Saved data entries:
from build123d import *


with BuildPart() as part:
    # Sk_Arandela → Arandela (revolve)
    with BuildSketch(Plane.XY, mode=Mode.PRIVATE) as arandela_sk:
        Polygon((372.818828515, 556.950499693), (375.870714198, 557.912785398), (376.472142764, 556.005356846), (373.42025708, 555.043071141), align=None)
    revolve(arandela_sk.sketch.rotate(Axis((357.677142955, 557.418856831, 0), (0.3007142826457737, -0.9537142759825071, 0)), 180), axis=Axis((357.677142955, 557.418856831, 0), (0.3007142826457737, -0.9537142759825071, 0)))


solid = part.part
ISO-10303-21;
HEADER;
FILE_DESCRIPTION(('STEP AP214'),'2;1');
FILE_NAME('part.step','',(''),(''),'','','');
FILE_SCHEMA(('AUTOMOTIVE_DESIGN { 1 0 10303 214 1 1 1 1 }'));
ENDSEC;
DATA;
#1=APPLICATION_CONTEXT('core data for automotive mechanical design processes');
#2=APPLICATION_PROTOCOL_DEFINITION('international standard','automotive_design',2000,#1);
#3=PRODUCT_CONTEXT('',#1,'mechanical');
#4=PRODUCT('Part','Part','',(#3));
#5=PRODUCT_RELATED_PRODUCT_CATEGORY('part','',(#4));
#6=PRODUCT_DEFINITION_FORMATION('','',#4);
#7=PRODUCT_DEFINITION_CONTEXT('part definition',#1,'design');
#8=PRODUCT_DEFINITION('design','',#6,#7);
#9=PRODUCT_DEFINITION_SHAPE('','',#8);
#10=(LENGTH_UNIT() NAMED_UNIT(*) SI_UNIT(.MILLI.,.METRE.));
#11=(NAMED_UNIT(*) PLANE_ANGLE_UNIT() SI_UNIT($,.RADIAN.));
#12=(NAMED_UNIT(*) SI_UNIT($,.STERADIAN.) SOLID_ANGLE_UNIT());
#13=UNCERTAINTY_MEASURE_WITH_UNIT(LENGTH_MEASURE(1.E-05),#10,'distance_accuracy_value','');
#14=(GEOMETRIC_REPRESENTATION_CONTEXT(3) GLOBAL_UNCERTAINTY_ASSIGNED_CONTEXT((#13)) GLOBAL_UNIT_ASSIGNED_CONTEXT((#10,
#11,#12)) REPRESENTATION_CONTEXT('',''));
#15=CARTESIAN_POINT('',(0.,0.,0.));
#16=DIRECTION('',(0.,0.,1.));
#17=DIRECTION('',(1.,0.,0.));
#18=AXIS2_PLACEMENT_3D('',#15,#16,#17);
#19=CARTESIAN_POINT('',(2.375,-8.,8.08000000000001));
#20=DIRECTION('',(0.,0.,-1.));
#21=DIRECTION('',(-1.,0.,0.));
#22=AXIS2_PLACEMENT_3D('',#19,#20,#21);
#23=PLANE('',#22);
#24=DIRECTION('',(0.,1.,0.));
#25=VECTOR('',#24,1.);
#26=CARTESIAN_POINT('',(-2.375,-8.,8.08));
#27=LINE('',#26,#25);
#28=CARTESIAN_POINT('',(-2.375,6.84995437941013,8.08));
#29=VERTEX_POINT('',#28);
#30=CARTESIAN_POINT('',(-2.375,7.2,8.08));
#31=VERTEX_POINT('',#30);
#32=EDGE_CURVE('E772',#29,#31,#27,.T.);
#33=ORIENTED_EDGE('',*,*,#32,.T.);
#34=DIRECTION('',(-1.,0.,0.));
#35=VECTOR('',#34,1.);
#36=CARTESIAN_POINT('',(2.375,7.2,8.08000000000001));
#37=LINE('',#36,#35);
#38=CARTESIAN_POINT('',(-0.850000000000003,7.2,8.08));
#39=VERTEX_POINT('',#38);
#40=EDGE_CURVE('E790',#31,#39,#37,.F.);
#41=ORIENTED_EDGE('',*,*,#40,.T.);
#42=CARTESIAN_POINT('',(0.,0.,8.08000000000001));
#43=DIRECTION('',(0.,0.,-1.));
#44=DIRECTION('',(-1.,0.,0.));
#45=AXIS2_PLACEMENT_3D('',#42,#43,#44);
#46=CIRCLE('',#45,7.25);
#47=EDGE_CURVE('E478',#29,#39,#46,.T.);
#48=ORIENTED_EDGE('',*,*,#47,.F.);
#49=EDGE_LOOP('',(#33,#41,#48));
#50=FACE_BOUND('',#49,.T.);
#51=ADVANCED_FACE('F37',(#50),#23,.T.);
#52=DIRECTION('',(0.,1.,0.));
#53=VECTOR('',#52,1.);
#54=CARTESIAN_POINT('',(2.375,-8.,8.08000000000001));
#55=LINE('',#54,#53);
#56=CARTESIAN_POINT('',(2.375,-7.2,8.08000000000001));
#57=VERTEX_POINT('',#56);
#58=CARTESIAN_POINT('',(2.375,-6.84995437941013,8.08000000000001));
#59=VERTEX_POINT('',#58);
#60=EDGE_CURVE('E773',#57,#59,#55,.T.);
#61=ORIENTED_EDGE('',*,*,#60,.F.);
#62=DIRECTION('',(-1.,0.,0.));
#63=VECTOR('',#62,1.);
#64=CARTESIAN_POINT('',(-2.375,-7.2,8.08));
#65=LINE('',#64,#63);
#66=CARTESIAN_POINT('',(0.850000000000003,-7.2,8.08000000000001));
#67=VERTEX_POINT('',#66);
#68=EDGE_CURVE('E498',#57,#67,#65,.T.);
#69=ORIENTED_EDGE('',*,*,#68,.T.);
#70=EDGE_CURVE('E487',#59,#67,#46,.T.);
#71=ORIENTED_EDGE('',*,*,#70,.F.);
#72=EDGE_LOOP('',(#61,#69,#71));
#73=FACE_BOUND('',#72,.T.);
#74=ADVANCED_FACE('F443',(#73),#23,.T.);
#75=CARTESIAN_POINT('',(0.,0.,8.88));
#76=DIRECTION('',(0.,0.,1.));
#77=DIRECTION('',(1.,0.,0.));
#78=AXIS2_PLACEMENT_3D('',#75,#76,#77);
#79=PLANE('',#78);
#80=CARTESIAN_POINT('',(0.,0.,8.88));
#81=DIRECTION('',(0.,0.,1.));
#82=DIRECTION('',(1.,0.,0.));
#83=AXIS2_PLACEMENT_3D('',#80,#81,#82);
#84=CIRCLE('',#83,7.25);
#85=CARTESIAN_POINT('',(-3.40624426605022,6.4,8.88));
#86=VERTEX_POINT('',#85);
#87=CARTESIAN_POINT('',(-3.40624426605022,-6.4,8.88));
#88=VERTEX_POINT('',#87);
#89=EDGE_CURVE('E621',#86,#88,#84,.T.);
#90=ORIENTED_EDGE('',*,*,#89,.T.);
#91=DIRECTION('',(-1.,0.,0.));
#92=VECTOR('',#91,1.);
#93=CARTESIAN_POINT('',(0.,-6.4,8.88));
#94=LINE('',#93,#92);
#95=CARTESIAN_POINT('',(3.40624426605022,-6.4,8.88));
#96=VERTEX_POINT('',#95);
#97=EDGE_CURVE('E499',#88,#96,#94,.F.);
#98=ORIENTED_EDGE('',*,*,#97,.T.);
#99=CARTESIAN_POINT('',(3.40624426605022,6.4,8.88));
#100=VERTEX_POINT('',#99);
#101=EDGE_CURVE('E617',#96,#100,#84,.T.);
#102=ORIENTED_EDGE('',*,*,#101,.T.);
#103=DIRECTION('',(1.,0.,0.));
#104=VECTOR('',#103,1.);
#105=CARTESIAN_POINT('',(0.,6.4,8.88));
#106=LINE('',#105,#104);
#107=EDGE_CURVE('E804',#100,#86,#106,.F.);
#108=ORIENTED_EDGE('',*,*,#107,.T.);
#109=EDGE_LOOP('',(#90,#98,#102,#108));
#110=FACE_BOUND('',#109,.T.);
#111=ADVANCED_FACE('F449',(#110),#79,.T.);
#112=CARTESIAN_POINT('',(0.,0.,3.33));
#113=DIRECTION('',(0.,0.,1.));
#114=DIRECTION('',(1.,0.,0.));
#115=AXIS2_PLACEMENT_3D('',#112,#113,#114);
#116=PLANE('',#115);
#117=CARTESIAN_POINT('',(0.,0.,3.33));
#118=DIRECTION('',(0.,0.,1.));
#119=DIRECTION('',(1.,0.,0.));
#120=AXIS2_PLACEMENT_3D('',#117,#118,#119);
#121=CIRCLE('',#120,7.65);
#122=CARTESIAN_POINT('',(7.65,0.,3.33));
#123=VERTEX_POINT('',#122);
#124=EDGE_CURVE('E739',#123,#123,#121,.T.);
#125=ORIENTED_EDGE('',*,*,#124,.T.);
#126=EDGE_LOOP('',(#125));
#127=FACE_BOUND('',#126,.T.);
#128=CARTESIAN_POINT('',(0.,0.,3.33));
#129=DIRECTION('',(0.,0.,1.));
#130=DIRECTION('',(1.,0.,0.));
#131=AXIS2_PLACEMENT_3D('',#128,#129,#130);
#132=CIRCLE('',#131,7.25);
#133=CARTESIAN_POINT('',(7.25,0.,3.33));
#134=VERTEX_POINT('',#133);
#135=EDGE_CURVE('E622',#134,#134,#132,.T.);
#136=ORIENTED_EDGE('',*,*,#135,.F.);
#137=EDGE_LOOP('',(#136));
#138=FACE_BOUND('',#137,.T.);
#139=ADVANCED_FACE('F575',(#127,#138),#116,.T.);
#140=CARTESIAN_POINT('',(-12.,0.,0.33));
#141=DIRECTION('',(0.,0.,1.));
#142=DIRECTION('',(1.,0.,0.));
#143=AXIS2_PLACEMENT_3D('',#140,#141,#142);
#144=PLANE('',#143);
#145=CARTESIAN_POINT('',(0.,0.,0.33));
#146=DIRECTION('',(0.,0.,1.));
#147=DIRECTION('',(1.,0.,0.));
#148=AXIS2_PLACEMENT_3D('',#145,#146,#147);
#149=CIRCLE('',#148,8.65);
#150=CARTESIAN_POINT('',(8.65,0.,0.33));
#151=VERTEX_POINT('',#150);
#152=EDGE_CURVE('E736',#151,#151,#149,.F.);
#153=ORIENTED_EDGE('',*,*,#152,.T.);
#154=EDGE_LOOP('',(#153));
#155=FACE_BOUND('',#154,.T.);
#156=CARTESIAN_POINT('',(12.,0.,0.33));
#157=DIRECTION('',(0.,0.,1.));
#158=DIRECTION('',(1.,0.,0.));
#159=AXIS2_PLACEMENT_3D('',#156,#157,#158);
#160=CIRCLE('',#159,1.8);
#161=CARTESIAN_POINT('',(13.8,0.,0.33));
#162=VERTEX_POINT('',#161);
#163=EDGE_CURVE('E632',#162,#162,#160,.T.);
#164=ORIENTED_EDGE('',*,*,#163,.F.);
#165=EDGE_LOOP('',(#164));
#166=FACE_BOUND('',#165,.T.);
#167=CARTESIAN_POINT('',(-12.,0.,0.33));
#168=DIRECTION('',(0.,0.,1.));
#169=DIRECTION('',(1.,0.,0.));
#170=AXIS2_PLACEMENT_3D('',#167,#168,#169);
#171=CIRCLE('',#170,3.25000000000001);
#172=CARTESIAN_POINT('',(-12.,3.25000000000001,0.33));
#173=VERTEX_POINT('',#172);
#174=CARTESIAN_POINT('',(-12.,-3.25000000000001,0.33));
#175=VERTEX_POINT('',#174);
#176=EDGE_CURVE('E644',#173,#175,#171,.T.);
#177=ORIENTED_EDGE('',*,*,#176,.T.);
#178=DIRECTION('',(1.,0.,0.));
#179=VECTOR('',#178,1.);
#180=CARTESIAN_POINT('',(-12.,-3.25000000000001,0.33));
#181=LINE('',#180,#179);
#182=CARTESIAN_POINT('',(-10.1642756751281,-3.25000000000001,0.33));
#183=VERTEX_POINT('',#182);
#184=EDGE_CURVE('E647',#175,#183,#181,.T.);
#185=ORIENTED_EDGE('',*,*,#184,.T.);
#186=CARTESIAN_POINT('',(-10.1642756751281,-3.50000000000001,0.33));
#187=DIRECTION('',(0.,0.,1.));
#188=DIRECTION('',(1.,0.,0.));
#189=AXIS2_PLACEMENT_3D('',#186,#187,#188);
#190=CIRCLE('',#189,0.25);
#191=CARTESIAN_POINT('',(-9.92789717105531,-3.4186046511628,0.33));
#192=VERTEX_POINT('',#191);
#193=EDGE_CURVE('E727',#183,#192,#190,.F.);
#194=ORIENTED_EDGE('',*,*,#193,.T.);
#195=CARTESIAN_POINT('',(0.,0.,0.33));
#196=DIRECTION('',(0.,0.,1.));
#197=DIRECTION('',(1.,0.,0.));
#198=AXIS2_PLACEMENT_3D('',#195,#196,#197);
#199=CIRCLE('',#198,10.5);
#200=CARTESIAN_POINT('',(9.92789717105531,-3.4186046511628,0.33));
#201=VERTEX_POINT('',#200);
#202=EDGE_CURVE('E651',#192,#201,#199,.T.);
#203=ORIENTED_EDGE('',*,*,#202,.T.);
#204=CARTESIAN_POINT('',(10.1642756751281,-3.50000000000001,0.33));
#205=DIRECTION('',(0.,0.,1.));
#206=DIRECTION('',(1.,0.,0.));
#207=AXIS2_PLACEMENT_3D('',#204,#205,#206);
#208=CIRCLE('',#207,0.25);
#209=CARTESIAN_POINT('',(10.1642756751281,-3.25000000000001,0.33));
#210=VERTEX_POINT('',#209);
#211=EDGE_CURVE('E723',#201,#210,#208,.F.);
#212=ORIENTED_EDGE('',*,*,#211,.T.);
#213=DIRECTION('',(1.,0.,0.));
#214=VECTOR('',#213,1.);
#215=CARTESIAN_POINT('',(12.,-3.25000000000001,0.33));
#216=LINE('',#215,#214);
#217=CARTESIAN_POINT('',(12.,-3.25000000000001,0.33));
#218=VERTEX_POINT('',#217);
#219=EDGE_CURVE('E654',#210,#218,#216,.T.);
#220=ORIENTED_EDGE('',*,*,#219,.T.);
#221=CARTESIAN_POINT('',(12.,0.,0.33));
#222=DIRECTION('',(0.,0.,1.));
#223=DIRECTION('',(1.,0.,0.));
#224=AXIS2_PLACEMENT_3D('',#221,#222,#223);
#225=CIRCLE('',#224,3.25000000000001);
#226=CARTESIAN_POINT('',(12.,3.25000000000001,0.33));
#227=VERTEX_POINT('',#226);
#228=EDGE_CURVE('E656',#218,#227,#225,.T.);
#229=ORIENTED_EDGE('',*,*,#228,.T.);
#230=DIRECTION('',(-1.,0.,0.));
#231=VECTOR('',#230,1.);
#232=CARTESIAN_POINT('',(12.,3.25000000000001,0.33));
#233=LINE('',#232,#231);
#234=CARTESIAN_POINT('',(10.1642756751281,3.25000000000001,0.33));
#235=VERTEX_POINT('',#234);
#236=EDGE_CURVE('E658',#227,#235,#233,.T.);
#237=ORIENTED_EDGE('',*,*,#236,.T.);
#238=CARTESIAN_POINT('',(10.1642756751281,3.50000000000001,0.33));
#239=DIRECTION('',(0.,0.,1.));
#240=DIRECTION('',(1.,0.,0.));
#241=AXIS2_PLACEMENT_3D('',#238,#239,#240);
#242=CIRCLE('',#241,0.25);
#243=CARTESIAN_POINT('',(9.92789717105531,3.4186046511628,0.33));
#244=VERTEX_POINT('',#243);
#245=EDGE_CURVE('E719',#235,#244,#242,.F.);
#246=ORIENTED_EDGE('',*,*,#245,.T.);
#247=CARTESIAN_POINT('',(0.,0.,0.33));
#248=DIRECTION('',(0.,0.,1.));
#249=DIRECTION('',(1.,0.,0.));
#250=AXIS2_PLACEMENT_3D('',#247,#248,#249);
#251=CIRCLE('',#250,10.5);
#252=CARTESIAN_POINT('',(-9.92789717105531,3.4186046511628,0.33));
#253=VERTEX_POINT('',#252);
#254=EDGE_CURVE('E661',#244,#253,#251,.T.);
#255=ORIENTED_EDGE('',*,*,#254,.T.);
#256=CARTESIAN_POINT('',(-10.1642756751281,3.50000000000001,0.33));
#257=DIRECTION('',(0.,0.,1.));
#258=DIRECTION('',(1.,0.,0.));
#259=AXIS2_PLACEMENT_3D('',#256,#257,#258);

» **About this task**
What are the lines from the one with "#248=DIRECTION('',(0.,0.,1.));" through the last line of the records above? Quote them exactly and add nothing.

» **Solution to the exercise**
#248=DIRECTION('',(0.,0.,1.));
#249=DIRECTION('',(1.,0.,0.));
#250=AXIS2_PLACEMENT_3D('',#247,#248,#249);
#251=CIRCLE('',#250,10.5);
#252=CARTESIAN_POINT('',(-9.92789717105531,3.4186046511628,0.33));
#253=VERTEX_POINT('',#252);
#254=EDGE_CURVE('E661',#244,#253,#251,.T.);
#255=ORIENTED_EDGE('',*,*,#254,.T.);
#256=CARTESIAN_POINT('',(-10.1642756751281,3.50000000000001,0.33));
#257=DIRECTION('',(0.,0.,1.));
#258=DIRECTION('',(1.,0.,0.));
#259=AXIS2_PLACEMENT_3D('',#256,#257,#258);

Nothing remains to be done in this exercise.